[[ AVAILABLE DATA open ]]

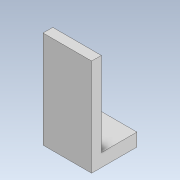
# Autodesk Inventor part: battery_fix_board
Saved by Autodesk Inventor 2020 (Build 240168000, 168)
## iProperties
Created: 2021-01-16
Part Number: battery_fix_board
Material: Generic
Document SubType Name: Modeling
Designer: DELL
Density: 1 g/cm^3
Appearance: Default
Author: DELL
Autodesk Inventor part; units mm, degrees
ref_plane "YZ Plane" through (0, 0, 0) normal (1, 0, 0) x (0, 1, 0)
ref_plane "XZ Plane" through (0, 0, 0) normal (0, 1, 0) x (-1, 0, 0)
ref_plane "XY Plane" through (0, 0, 0) normal (0, 0, 1) x (1, 0, 0)
sketch "Sketch1" plane through (0, 0, 0) normal (1, 0, 0) x (0, 1, 0)
  line L0 (30, 0) -> (0, 0)
  line L1 (0, 0) -> (0, -14)
  line L2 (0, -14) -> (4, -14)
  line L3 (4, -14) -> (4, -3)
  line L4 (4, -3) -> (30, -3)
  line L5 (30, -3) -> (30, 0)
  dimension "d0" = 4
  dimension "d1" = 14
  dimension "d2" = 3
  dimension "d3" = 30
  constraints: 12 end point, 5 perpendicular, 1 horizontal
  measures "d0" distance between parallel lines of L1 L3
  measures "d1" distance between parallel lines of L0 L2
  measures "d2" distance between parallel lines of L0 L4
  measures "d3" distance between parallel lines of L1 L5
extrude "Extrusion1" add sketch "Sketch1" against normal mid plane 15
sketch "Sketch2" plane through (-7.5, 4, -14) normal (0, 1, 0) x (1, 0, 0)
  circle A0 centre (7.5, -7.5) radius 1.25
  line L0 (0, 0) -> (15, 0) projected
  line L1 (0, -14) -> (15, -14) projected
  line L2 (0, -11) -> (15, -11) projected
  point P0 (7.5, -14)
  point P1 (7.5, -14)
  dimension "d6" = 2.5
  dimension "d10" = 3.5
  constraints: 1 centre point, 1 midpoint, 1 vertical alignment
  measures "d6" diameter of A0
  measures "d10" distance from line of L2 A0.centre
extrude "Extrusion2" cut sketch "Sketch2" against normal through all
body "Solid1"

[[ AVAILABLE DATA closed ]]

[YOUR ASSIGNMENT] Print all of the entries word for word. Skip any images they contain.

[EXPECTED ANSWER]
# Autodesk Inventor part: battery_fix_board
Saved by Autodesk Inventor 2020 (Build 240168000, 168)
## iProperties
Created: 2021-01-16
Part Number: battery_fix_board
Material: Generic
Document SubType Name: Modeling
Designer: DELL
Density: 1 g/cm^3
Appearance: Default
Author: DELL
Autodesk Inventor part; units mm, degrees
ref_plane "YZ Plane" through (0, 0, 0) normal (1, 0, 0) x (0, 1, 0)
ref_plane "XZ Plane" through (0, 0, 0) normal (0, 1, 0) x (-1, 0, 0)
ref_plane "XY Plane" through (0, 0, 0) normal (0, 0, 1) x (1, 0, 0)
sketch "Sketch1" plane through (0, 0, 0) normal (1, 0, 0) x (0, 1, 0)
  line L0 (30, 0) -> (0, 0)
  line L1 (0, 0) -> (0, -14)
  line L2 (0, -14) -> (4, -14)
  line L3 (4, -14) -> (4, -3)
  line L4 (4, -3) -> (30, -3)
  line L5 (30, -3) -> (30, 0)
  dimension "d0" = 4
  dimension "d1" = 14
  dimension "d2" = 3
  dimension "d3" = 30
  constraints: 12 end point, 5 perpendicular, 1 horizontal
  measures "d0" distance between parallel lines of L1 L3
  measures "d1" distance between parallel lines of L0 L2
  measures "d2" distance between parallel lines of L0 L4
  measures "d3" distance between parallel lines of L1 L5
extrude "Extrusion1" add sketch "Sketch1" against normal mid plane 15
sketch "Sketch2" plane through (-7.5, 4, -14) normal (0, 1, 0) x (1, 0, 0)
  circle A0 centre (7.5, -7.5) radius 1.25
  line L0 (0, 0) -> (15, 0) projected
  line L1 (0, -14) -> (15, -14) projected
  line L2 (0, -11) -> (15, -11) projected
  point P0 (7.5, -14)
  point P1 (7.5, -14)
  dimension "d6" = 2.5
  dimension "d10" = 3.5
  constraints: 1 centre point, 1 midpoint, 1 vertical alignment
  measures "d6" diameter of A0
  measures "d10" distance from line of L2 A0.centre
extrude "Extrusion2" cut sketch "Sketch2" against normal through all
body "Solid1"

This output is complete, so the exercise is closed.